Records from a data collection:
▼▼▼

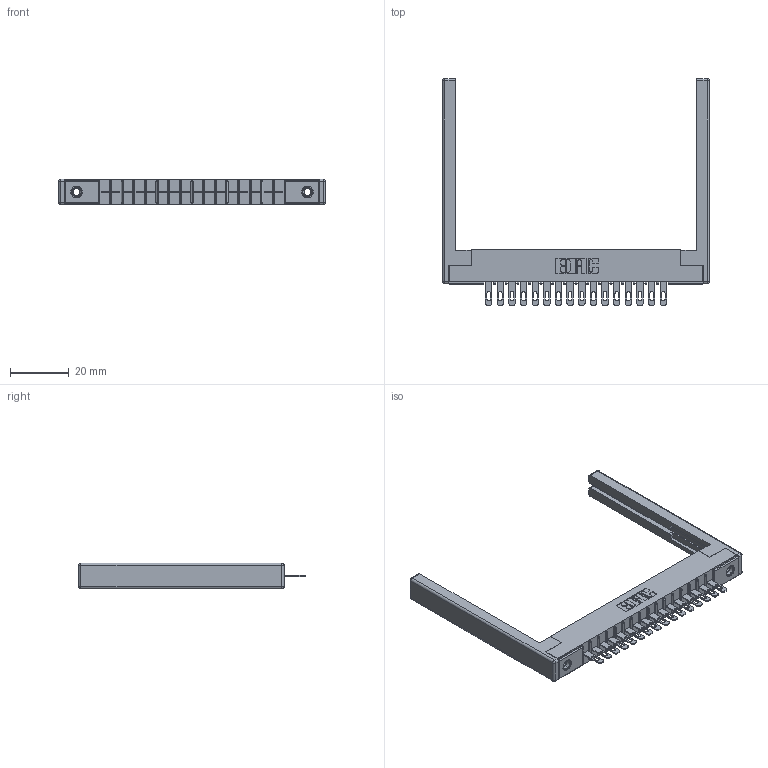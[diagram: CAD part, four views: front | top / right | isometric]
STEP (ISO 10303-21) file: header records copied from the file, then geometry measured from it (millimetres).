
FILE_DESCRIPTION (( 'STEP AP203' ), '1' );
FILE_NAME ('356-016-500-168.STEP', '2018-08-01T19:15:42', ( '' ), ( '' ), 'SwSTEP 2.0', 'SolidWorks 2016', '' );
FILE_SCHEMA (( 'CONFIG_CONTROL_DESIGN' ));
Length unit declared in the file: inch
Products named in the file (5): 306 Part_.156 Dia; 306-290-001_100; 345-250-001_345-250-001-102; 307-220-068; 356-016-500-168
Assembly tree (21 placements, depth 2):
  356-016-500-168
    306 Part_.156 Dia
    306-290-001_100  x16
    345-250-001_345-250-001-102  x2
    307-220-068  x2
Bounding box: 90.83 x 77.17 x 8.71 mm (x, y, z)
Volume: 10781.4 mm3; surface area: 13403.1 mm2
Topology: 21 solids, 21 shells, 1486 faces, 4146 edges, 2656 vertices
Faces by surface type: plane 956, cylinder 442, sphere 72, cone 12, torus 4
Entity records: 21212 total; most frequent: CARTESIAN_POINT 3524, DIRECTION 3491, ORIENTED_EDGE 3482, EDGE_CURVE 1741, VECTOR 1341, LINE 1341, VERTEX_POINT 1108, AXIS2_PLACEMENT_3D 1075

▲▲▲

## WORK TO BE COMPLETED
The lines to extract from the data above begin with the line containing "STEP (ISO 10303-21)" and end with the line containing "Faces by surface". Extract them exactly, including both.

## OUTPUT OF THE TASK
STEP (ISO 10303-21) file: header records copied from the file, then geometry measured from it (millimetres).
FILE_DESCRIPTION (( 'STEP AP203' ), '1' );
FILE_NAME ('356-016-500-168.STEP', '2018-08-01T19:15:42', ( '' ), ( '' ), 'SwSTEP 2.0', 'SolidWorks 2016', '' );
FILE_SCHEMA (( 'CONFIG_CONTROL_DESIGN' ));
Length unit declared in the file: inch
Products named in the file (5): 306 Part_.156 Dia; 306-290-001_100; 345-250-001_345-250-001-102; 307-220-068; 356-016-500-168
Assembly tree (21 placements, depth 2):
  356-016-500-168
    306 Part_.156 Dia
    306-290-001_100  x16
    345-250-001_345-250-001-102  x2
    307-220-068  x2
Bounding box: 90.83 x 77.17 x 8.71 mm (x, y, z)
Volume: 10781.4 mm3; surface area: 13403.1 mm2
Topology: 21 solids, 21 shells, 1486 faces, 4146 edges, 2656 vertices
Faces by surface type: plane 956, cylinder 442, sphere 72, cone 12, torus 4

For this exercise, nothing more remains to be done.